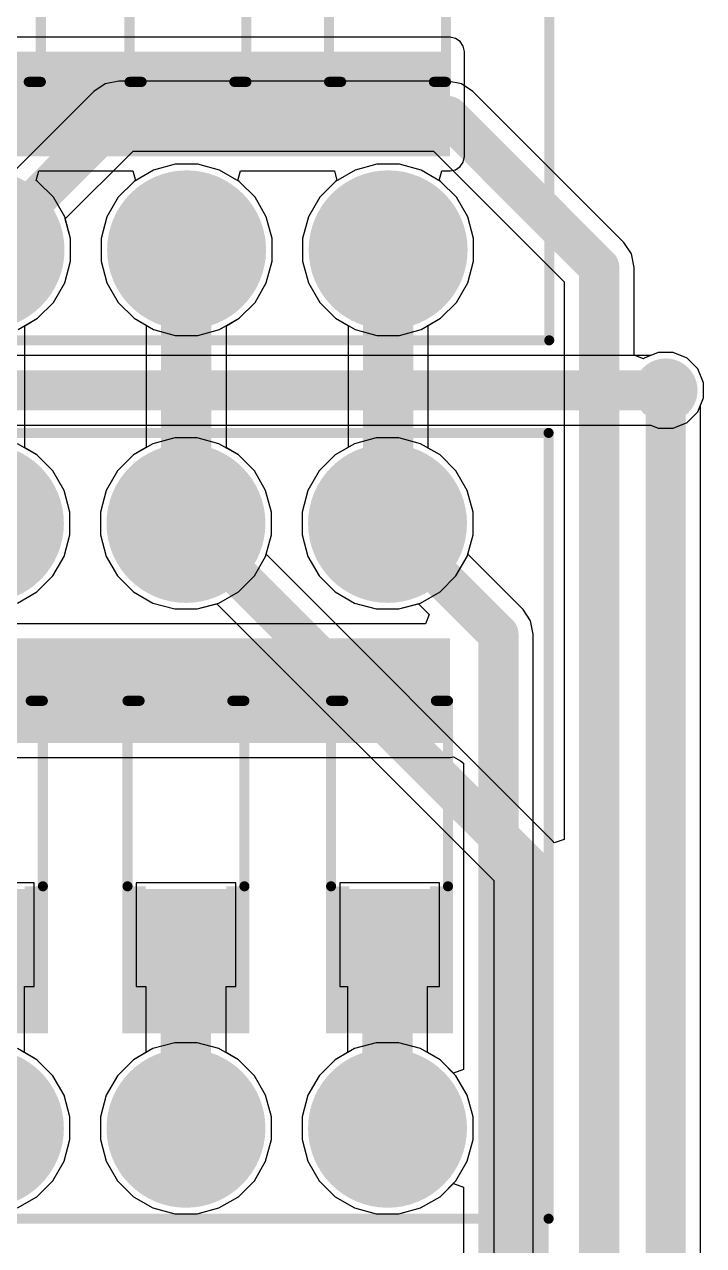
# Model space of a CAD drawing. Header units: millimetres. Extents: x -0.16 to 4.85, y -0.01 to 3.83.
# Drawn here: x 4.226 to 4.563, y 1.956 to 2.561 of the extents above; entities that cross this region are included whole.
import ezdxf

# ---------------------------------------------------------------- set-up
doc = ezdxf.new("R2010")
doc.units = ezdxf.units.MM
doc.header["$MEASUREMENT"] = 0
for name, color, linetype in [('BottomLayer', 5, 'Continuous'), ('BottomSolder', 6, 'Continuous'), ('MultiLayer', 9, 'Continuous'), ('PadHoleLayer', 156, 'Continuous'), ('TopLayer', 1, 'Continuous'), ('TopOverlay', 2, 'Continuous'), ('TopPaste', 8, 'Continuous'), ('TopSolder', 216, 'Continuous'), ('ViaHoleLayer', 16, 'Continuous')]:
    doc.layers.add(name, color=color, linetype=linetype)

# ---------------------------------------------------------------- blocks, each defined once
blk = doc.blocks.new('DS_04_R_T_33')
at = {"layer": 'BottomLayer'}
h = blk.add_hatch(color=5, dxfattribs=at)
edge = h.paths.add_edge_path()
edge.add_arc((-0.15, 0.15), 0.03543, 0, 360)
h = blk.add_hatch(color=5, dxfattribs=at)
edge = h.paths.add_edge_path()
edge.add_arc((0.15, 0.15), 0.03543, 0, 360)
h = blk.add_hatch(color=5, dxfattribs=at)
edge = h.paths.add_edge_path()
edge.add_arc((-0.15, 0.05), 0.03543, 0, 360)
h = blk.add_hatch(color=5, dxfattribs=at)
edge = h.paths.add_edge_path()
edge.add_arc((0.15, 0.05), 0.03543, 0, 360)
h = blk.add_hatch(color=5, dxfattribs=at)
edge = h.paths.add_edge_path()
edge.add_arc((-0.15, -0.05), 0.03543, 0, 360)
h = blk.add_hatch(color=5, dxfattribs=at)
edge = h.paths.add_edge_path()
edge.add_arc((0.15, -0.05), 0.03543, 0, 360)
h = blk.add_hatch(color=5, dxfattribs=at)
edge = h.paths.add_edge_path()
edge.add_arc((-0.15, -0.15), 0.03543, 0, 360)
h = blk.add_hatch(color=5, dxfattribs=at)
edge = h.paths.add_edge_path()
edge.add_arc((0.15, -0.15), 0.03543, 0, 360)
at = {"layer": 'BottomSolder'}
h = blk.add_hatch(color=6, dxfattribs=at)
edge = h.paths.add_edge_path()
edge.add_arc((-0.15, 0.15), 0.03943, 0, 360)
h = blk.add_hatch(color=6, dxfattribs=at)
edge = h.paths.add_edge_path()
edge.add_arc((0.15, 0.15), 0.03943, 0, 360)
h = blk.add_hatch(color=6, dxfattribs=at)
edge = h.paths.add_edge_path()
edge.add_arc((-0.15, 0.05), 0.03943, 0, 360)
h = blk.add_hatch(color=6, dxfattribs=at)
edge = h.paths.add_edge_path()
edge.add_arc((0.15, 0.05), 0.03943, 0, 360)
h = blk.add_hatch(color=6, dxfattribs=at)
edge = h.paths.add_edge_path()
edge.add_arc((-0.15, -0.05), 0.03943, 0, 360)
h = blk.add_hatch(color=6, dxfattribs=at)
edge = h.paths.add_edge_path()
edge.add_arc((0.15, -0.05), 0.03943, 0, 360)
h = blk.add_hatch(color=6, dxfattribs=at)
edge = h.paths.add_edge_path()
edge.add_arc((-0.15, -0.15), 0.03943, 0, 360)
h = blk.add_hatch(color=6, dxfattribs=at)
edge = h.paths.add_edge_path()
edge.add_arc((0.15, -0.15), 0.03943, 0, 360)
at = {"layer": 'MultiLayer'}
h = blk.add_hatch(color=9, dxfattribs=at)
edge = h.paths.add_edge_path()
edge.add_arc((-0.15, 0.15), 0.03543, 0, 360)
h = blk.add_hatch(color=9, dxfattribs=at)
edge = h.paths.add_edge_path()
edge.add_arc((0.15, 0.15), 0.03543, 0, 360)
h = blk.add_hatch(color=9, dxfattribs=at)
edge = h.paths.add_edge_path()
edge.add_arc((-0.15, 0.05), 0.03543, 0, 360)
h = blk.add_hatch(color=9, dxfattribs=at)
edge = h.paths.add_edge_path()
edge.add_arc((0.15, 0.05), 0.03543, 0, 360)
h = blk.add_hatch(color=9, dxfattribs=at)
edge = h.paths.add_edge_path()
edge.add_arc((-0.15, -0.05), 0.03543, 0, 360)
h = blk.add_hatch(color=9, dxfattribs=at)
edge = h.paths.add_edge_path()
edge.add_arc((0.15, -0.05), 0.03543, 0, 360)
h = blk.add_hatch(color=9, dxfattribs=at)
edge = h.paths.add_edge_path()
edge.add_arc((-0.15, -0.15), 0.03543, 0, 360)
h = blk.add_hatch(color=9, dxfattribs=at)
edge = h.paths.add_edge_path()
edge.add_arc((0.15, -0.15), 0.03543, 0, 360)
at = {"layer": 'PadHoleLayer'}
h = blk.add_hatch(color=156, dxfattribs=at)
edge = h.paths.add_edge_path()
edge.add_arc((-0.15, 0.15), 0.01811, 0, 360)
h = blk.add_hatch(color=156, dxfattribs=at)
edge = h.paths.add_edge_path()
edge.add_arc((0.15, 0.15), 0.01811, 0, 360)
h = blk.add_hatch(color=156, dxfattribs=at)
edge = h.paths.add_edge_path()
edge.add_arc((-0.15, 0.05), 0.01811, 0, 360)
h = blk.add_hatch(color=156, dxfattribs=at)
edge = h.paths.add_edge_path()
edge.add_arc((0.15, 0.05), 0.01811, 0, 360)
h = blk.add_hatch(color=156, dxfattribs=at)
edge = h.paths.add_edge_path()
edge.add_arc((-0.15, -0.05), 0.01811, 0, 360)
h = blk.add_hatch(color=156, dxfattribs=at)
edge = h.paths.add_edge_path()
edge.add_arc((0.15, -0.05), 0.01811, 0, 360)
h = blk.add_hatch(color=156, dxfattribs=at)
edge = h.paths.add_edge_path()
edge.add_arc((-0.15, -0.15), 0.01811, 0, 360)
h = blk.add_hatch(color=156, dxfattribs=at)
edge = h.paths.add_edge_path()
edge.add_arc((0.15, -0.15), 0.01811, 0, 360)
at = {"layer": 'TopLayer'}
h = blk.add_hatch(color=1, dxfattribs=at)
edge = h.paths.add_edge_path()
edge.add_arc((-0.15, 0.15), 0.03543, 0, 360)
h = blk.add_hatch(color=1, dxfattribs=at)
edge = h.paths.add_edge_path()
edge.add_arc((0.15, 0.15), 0.03543, 0, 360)
h = blk.add_hatch(color=1, dxfattribs=at)
edge = h.paths.add_edge_path()
edge.add_arc((-0.15, 0.05), 0.03543, 0, 360)
h = blk.add_hatch(color=1, dxfattribs=at)
edge = h.paths.add_edge_path()
edge.add_arc((0.15, 0.05), 0.03543, 0, 360)
h = blk.add_hatch(color=1, dxfattribs=at)
edge = h.paths.add_edge_path()
edge.add_arc((-0.15, -0.05), 0.03543, 0, 360)
h = blk.add_hatch(color=1, dxfattribs=at)
edge = h.paths.add_edge_path()
edge.add_arc((0.15, -0.05), 0.03543, 0, 360)
h = blk.add_hatch(color=1, dxfattribs=at)
edge = h.paths.add_edge_path()
edge.add_arc((-0.15, -0.15), 0.03543, 0, 360)
h = blk.add_hatch(color=1, dxfattribs=at)
edge = h.paths.add_edge_path()
edge.add_arc((0.15, -0.15), 0.03543, 0, 360)
at = {"layer": 'TopOverlay'}
blk.add_hatch(color=2, dxfattribs=at).paths.add_polyline_path([(-0.11, 0.13), (-0.08, 0.13), (-0.08, 0.17), (-0.11, 0.17)])
at = {"layer": 'TopSolder'}
h = blk.add_hatch(color=216, dxfattribs=at)
edge = h.paths.add_edge_path()
edge.add_arc((-0.15, 0.15), 0.03943, 0, 360)
h = blk.add_hatch(color=216, dxfattribs=at)
edge = h.paths.add_edge_path()
edge.add_arc((0.15, 0.15), 0.03943, 0, 360)
h = blk.add_hatch(color=216, dxfattribs=at)
edge = h.paths.add_edge_path()
edge.add_arc((-0.15, 0.05), 0.03943, 0, 360)
h = blk.add_hatch(color=216, dxfattribs=at)
edge = h.paths.add_edge_path()
edge.add_arc((0.15, 0.05), 0.03943, 0, 360)
h = blk.add_hatch(color=216, dxfattribs=at)
edge = h.paths.add_edge_path()
edge.add_arc((-0.15, -0.05), 0.03943, 0, 360)
h = blk.add_hatch(color=216, dxfattribs=at)
edge = h.paths.add_edge_path()
edge.add_arc((0.15, -0.05), 0.03943, 0, 360)
h = blk.add_hatch(color=216, dxfattribs=at)
edge = h.paths.add_edge_path()
edge.add_arc((-0.15, -0.15), 0.03943, 0, 360)
h = blk.add_hatch(color=216, dxfattribs=at)
edge = h.paths.add_edge_path()
edge.add_arc((0.15, -0.15), 0.03943, 0, 360)
at = {"layer": 'TopOverlay', "const_width": 0.005}
for points in [[(-0.19488, 0.22992), (-0.19488, -0.22992)], [(-0.19488, 0.22992), (0.19488, 0.22992)], [(0.19488, 0.22992), (0.19488, -0.22992)], [(-0.19488, -0.22992), (0.19488, -0.22992)]]:
    blk.add_lwpolyline(points, dxfattribs=at)
at = {"layer": 'TopOverlay', "const_width": 0.0025}
for points in [[(-0.19613, 0.22992, 1), (-0.19363, 0.22992, 1)], [(-0.19613, 0.22992, 1), (-0.19363, 0.22992, 1)], [(0.19363, 0.22992, 1), (0.19613, 0.22992, 1)], [(0.19363, 0.22992, 1), (0.19613, 0.22992, 1)], [(-0.19613, -0.22992, 1), (-0.19363, -0.22992, 1)], [(-0.19613, -0.22992, 1), (-0.19363, -0.22992, 1)], [(0.19363, -0.22992, 1), (0.19613, -0.22992, 1)], [(0.19363, -0.22992, 1), (0.19613, -0.22992, 1)]]:
    blk.add_lwpolyline(points, format="xyb", close=True, dxfattribs=at)
blk = doc.blocks.new('DS_04_R_T_34')
at = {"layer": 'BottomLayer'}
h = blk.add_hatch(color=5, dxfattribs=at)
edge = h.paths.add_edge_path()
edge.add_arc((-0.15, 0.15), 0.03543, 0, 360)
h = blk.add_hatch(color=5, dxfattribs=at)
edge = h.paths.add_edge_path()
edge.add_arc((0.15, 0.15), 0.03543, 0, 360)
h = blk.add_hatch(color=5, dxfattribs=at)
edge = h.paths.add_edge_path()
edge.add_arc((-0.15, 0.05), 0.03543, 0, 360)
h = blk.add_hatch(color=5, dxfattribs=at)
edge = h.paths.add_edge_path()
edge.add_arc((0.15, 0.05), 0.03543, 0, 360)
h = blk.add_hatch(color=5, dxfattribs=at)
edge = h.paths.add_edge_path()
edge.add_arc((-0.15, -0.05), 0.03543, 0, 360)
h = blk.add_hatch(color=5, dxfattribs=at)
edge = h.paths.add_edge_path()
edge.add_arc((0.15, -0.05), 0.03543, 0, 360)
h = blk.add_hatch(color=5, dxfattribs=at)
edge = h.paths.add_edge_path()
edge.add_arc((-0.15, -0.15), 0.03543, 0, 360)
h = blk.add_hatch(color=5, dxfattribs=at)
edge = h.paths.add_edge_path()
edge.add_arc((0.15, -0.15), 0.03543, 0, 360)
at = {"layer": 'BottomSolder'}
h = blk.add_hatch(color=6, dxfattribs=at)
edge = h.paths.add_edge_path()
edge.add_arc((-0.15, 0.15), 0.03943, 0, 360)
h = blk.add_hatch(color=6, dxfattribs=at)
edge = h.paths.add_edge_path()
edge.add_arc((0.15, 0.15), 0.03943, 0, 360)
h = blk.add_hatch(color=6, dxfattribs=at)
edge = h.paths.add_edge_path()
edge.add_arc((-0.15, 0.05), 0.03943, 0, 360)
h = blk.add_hatch(color=6, dxfattribs=at)
edge = h.paths.add_edge_path()
edge.add_arc((0.15, 0.05), 0.03943, 0, 360)
h = blk.add_hatch(color=6, dxfattribs=at)
edge = h.paths.add_edge_path()
edge.add_arc((-0.15, -0.05), 0.03943, 0, 360)
h = blk.add_hatch(color=6, dxfattribs=at)
edge = h.paths.add_edge_path()
edge.add_arc((0.15, -0.05), 0.03943, 0, 360)
h = blk.add_hatch(color=6, dxfattribs=at)
edge = h.paths.add_edge_path()
edge.add_arc((-0.15, -0.15), 0.03943, 0, 360)
h = blk.add_hatch(color=6, dxfattribs=at)
edge = h.paths.add_edge_path()
edge.add_arc((0.15, -0.15), 0.03943, 0, 360)
at = {"layer": 'MultiLayer'}
h = blk.add_hatch(color=9, dxfattribs=at)
edge = h.paths.add_edge_path()
edge.add_arc((-0.15, 0.15), 0.03543, 0, 360)
h = blk.add_hatch(color=9, dxfattribs=at)
edge = h.paths.add_edge_path()
edge.add_arc((0.15, 0.15), 0.03543, 0, 360)
h = blk.add_hatch(color=9, dxfattribs=at)
edge = h.paths.add_edge_path()
edge.add_arc((-0.15, 0.05), 0.03543, 0, 360)
h = blk.add_hatch(color=9, dxfattribs=at)
edge = h.paths.add_edge_path()
edge.add_arc((0.15, 0.05), 0.03543, 0, 360)
h = blk.add_hatch(color=9, dxfattribs=at)
edge = h.paths.add_edge_path()
edge.add_arc((-0.15, -0.05), 0.03543, 0, 360)
h = blk.add_hatch(color=9, dxfattribs=at)
edge = h.paths.add_edge_path()
edge.add_arc((0.15, -0.05), 0.03543, 0, 360)
h = blk.add_hatch(color=9, dxfattribs=at)
edge = h.paths.add_edge_path()
edge.add_arc((-0.15, -0.15), 0.03543, 0, 360)
h = blk.add_hatch(color=9, dxfattribs=at)
edge = h.paths.add_edge_path()
edge.add_arc((0.15, -0.15), 0.03543, 0, 360)
at = {"layer": 'PadHoleLayer'}
h = blk.add_hatch(color=156, dxfattribs=at)
edge = h.paths.add_edge_path()
edge.add_arc((-0.15, 0.15), 0.01811, 0, 360)
h = blk.add_hatch(color=156, dxfattribs=at)
edge = h.paths.add_edge_path()
edge.add_arc((0.15, 0.15), 0.01811, 0, 360)
h = blk.add_hatch(color=156, dxfattribs=at)
edge = h.paths.add_edge_path()
edge.add_arc((-0.15, 0.05), 0.01811, 0, 360)
h = blk.add_hatch(color=156, dxfattribs=at)
edge = h.paths.add_edge_path()
edge.add_arc((0.15, 0.05), 0.01811, 0, 360)
h = blk.add_hatch(color=156, dxfattribs=at)
edge = h.paths.add_edge_path()
edge.add_arc((-0.15, -0.05), 0.01811, 0, 360)
h = blk.add_hatch(color=156, dxfattribs=at)
edge = h.paths.add_edge_path()
edge.add_arc((0.15, -0.05), 0.01811, 0, 360)
h = blk.add_hatch(color=156, dxfattribs=at)
edge = h.paths.add_edge_path()
edge.add_arc((-0.15, -0.15), 0.01811, 0, 360)
h = blk.add_hatch(color=156, dxfattribs=at)
edge = h.paths.add_edge_path()
edge.add_arc((0.15, -0.15), 0.01811, 0, 360)
at = {"layer": 'TopLayer'}
h = blk.add_hatch(color=1, dxfattribs=at)
edge = h.paths.add_edge_path()
edge.add_arc((-0.15, 0.15), 0.03543, 0, 360)
h = blk.add_hatch(color=1, dxfattribs=at)
edge = h.paths.add_edge_path()
edge.add_arc((0.15, 0.15), 0.03543, 0, 360)
h = blk.add_hatch(color=1, dxfattribs=at)
edge = h.paths.add_edge_path()
edge.add_arc((-0.15, 0.05), 0.03543, 0, 360)
h = blk.add_hatch(color=1, dxfattribs=at)
edge = h.paths.add_edge_path()
edge.add_arc((0.15, 0.05), 0.03543, 0, 360)
h = blk.add_hatch(color=1, dxfattribs=at)
edge = h.paths.add_edge_path()
edge.add_arc((-0.15, -0.05), 0.03543, 0, 360)
h = blk.add_hatch(color=1, dxfattribs=at)
edge = h.paths.add_edge_path()
edge.add_arc((0.15, -0.05), 0.03543, 0, 360)
h = blk.add_hatch(color=1, dxfattribs=at)
edge = h.paths.add_edge_path()
edge.add_arc((-0.15, -0.15), 0.03543, 0, 360)
h = blk.add_hatch(color=1, dxfattribs=at)
edge = h.paths.add_edge_path()
edge.add_arc((0.15, -0.15), 0.03543, 0, 360)
at = {"layer": 'TopOverlay'}
blk.add_hatch(color=2, dxfattribs=at).paths.add_polyline_path([(-0.11, 0.13), (-0.08, 0.13), (-0.08, 0.17), (-0.11, 0.17)])
at = {"layer": 'TopSolder'}
h = blk.add_hatch(color=216, dxfattribs=at)
edge = h.paths.add_edge_path()
edge.add_arc((-0.15, 0.15), 0.03943, 0, 360)
h = blk.add_hatch(color=216, dxfattribs=at)
edge = h.paths.add_edge_path()
edge.add_arc((0.15, 0.15), 0.03943, 0, 360)
h = blk.add_hatch(color=216, dxfattribs=at)
edge = h.paths.add_edge_path()
edge.add_arc((-0.15, 0.05), 0.03943, 0, 360)
h = blk.add_hatch(color=216, dxfattribs=at)
edge = h.paths.add_edge_path()
edge.add_arc((0.15, 0.05), 0.03943, 0, 360)
h = blk.add_hatch(color=216, dxfattribs=at)
edge = h.paths.add_edge_path()
edge.add_arc((-0.15, -0.05), 0.03943, 0, 360)
h = blk.add_hatch(color=216, dxfattribs=at)
edge = h.paths.add_edge_path()
edge.add_arc((0.15, -0.05), 0.03943, 0, 360)
h = blk.add_hatch(color=216, dxfattribs=at)
edge = h.paths.add_edge_path()
edge.add_arc((-0.15, -0.15), 0.03943, 0, 360)
h = blk.add_hatch(color=216, dxfattribs=at)
edge = h.paths.add_edge_path()
edge.add_arc((0.15, -0.15), 0.03943, 0, 360)
at = {"layer": 'TopOverlay', "const_width": 0.005}
for points in [[(-0.19488, 0.22992), (0.19488, 0.22992)], [(-0.19488, 0.22992), (-0.19488, -0.22992)], [(0.19488, 0.22992), (0.19488, -0.22992)], [(-0.19488, -0.22992), (0.19488, -0.22992)]]:
    blk.add_lwpolyline(points, dxfattribs=at)
at = {"layer": 'TopOverlay', "const_width": 0.0025}
for points in [[(-0.19613, 0.22992, 1), (-0.19363, 0.22992, 1)], [(-0.19613, 0.22992, 1), (-0.19363, 0.22992, 1)], [(0.19363, 0.22992, 1), (0.19613, 0.22992, 1)], [(0.19363, 0.22992, 1), (0.19613, 0.22992, 1)], [(-0.19613, -0.22992, 1), (-0.19363, -0.22992, 1)], [(-0.19613, -0.22992, 1), (-0.19363, -0.22992, 1)], [(0.19363, -0.22992, 1), (0.19613, -0.22992, 1)], [(0.19363, -0.22992, 1), (0.19613, -0.22992, 1)]]:
    blk.add_lwpolyline(points, format="xyb", close=True, dxfattribs=at)
blk = doc.blocks.new('SOD_123_99')
at = {"layer": 'TopLayer'}
for points in [[(-0.04331, 0.01772), (-0.04331, -0.01772), (-0.08071, -0.01772), (-0.08071, 0.01772)], [(0.08071, 0.01772), (0.08071, -0.01772), (0.04331, -0.01772), (0.04331, 0.01772)]]:
    blk.add_hatch(color=1, dxfattribs=at).paths.add_polyline_path(points)
at = {"layer": 'TopOverlay'}
for points in [[(0.038, 0.02), (0.111, 0.02), (0.111, 0.0315), (0.038, 0.0315)], [(0.08346, -0.031), (0.111, -0.031), (0.111, 0.031), (0.08346, 0.031)], [(0.038, -0.0315), (0.111, -0.0315), (0.111, -0.02), (0.038, -0.02)]]:
    blk.add_hatch(color=2, dxfattribs=at).paths.add_polyline_path(points)
at = {"layer": 'TopPaste'}
for points in [[(-0.04331, 0.01772), (-0.04331, -0.01772), (-0.08071, -0.01772), (-0.08071, 0.01772)], [(0.08071, 0.01772), (0.08071, -0.01772), (0.04331, -0.01772), (0.04331, 0.01772)]]:
    blk.add_hatch(color=8, dxfattribs=at).paths.add_polyline_path(points)
at = {"layer": 'TopSolder'}
for points in [[(-0.03931, 0.02172), (-0.03931, -0.02172), (-0.08471, -0.02172), (-0.08471, 0.02172)], [(0.08471, 0.02172), (0.08471, -0.02172), (0.03931, -0.02172), (0.03931, 0.02172)]]:
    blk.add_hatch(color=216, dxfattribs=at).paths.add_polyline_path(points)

-=-=-

TASK STATEMENT = Show the lines of the listing above with "TopPaste".

WRITTEN ANSWER =
for name, color, linetype in [('BottomLayer', 5, 'Continuous'), ('BottomSolder', 6, 'Continuous'), ('MultiLayer', 9, 'Continuous'), ('PadHoleLayer', 156, 'Continuous'), ('TopLayer', 1, 'Continuous'), ('TopOverlay', 2, 'Continuous'), ('TopPaste', 8, 'Continuous'), ('TopSolder', 216, 'Continuous'), ('ViaHoleLayer', 16, 'Continuous')]:
at = {"layer": 'TopPaste'}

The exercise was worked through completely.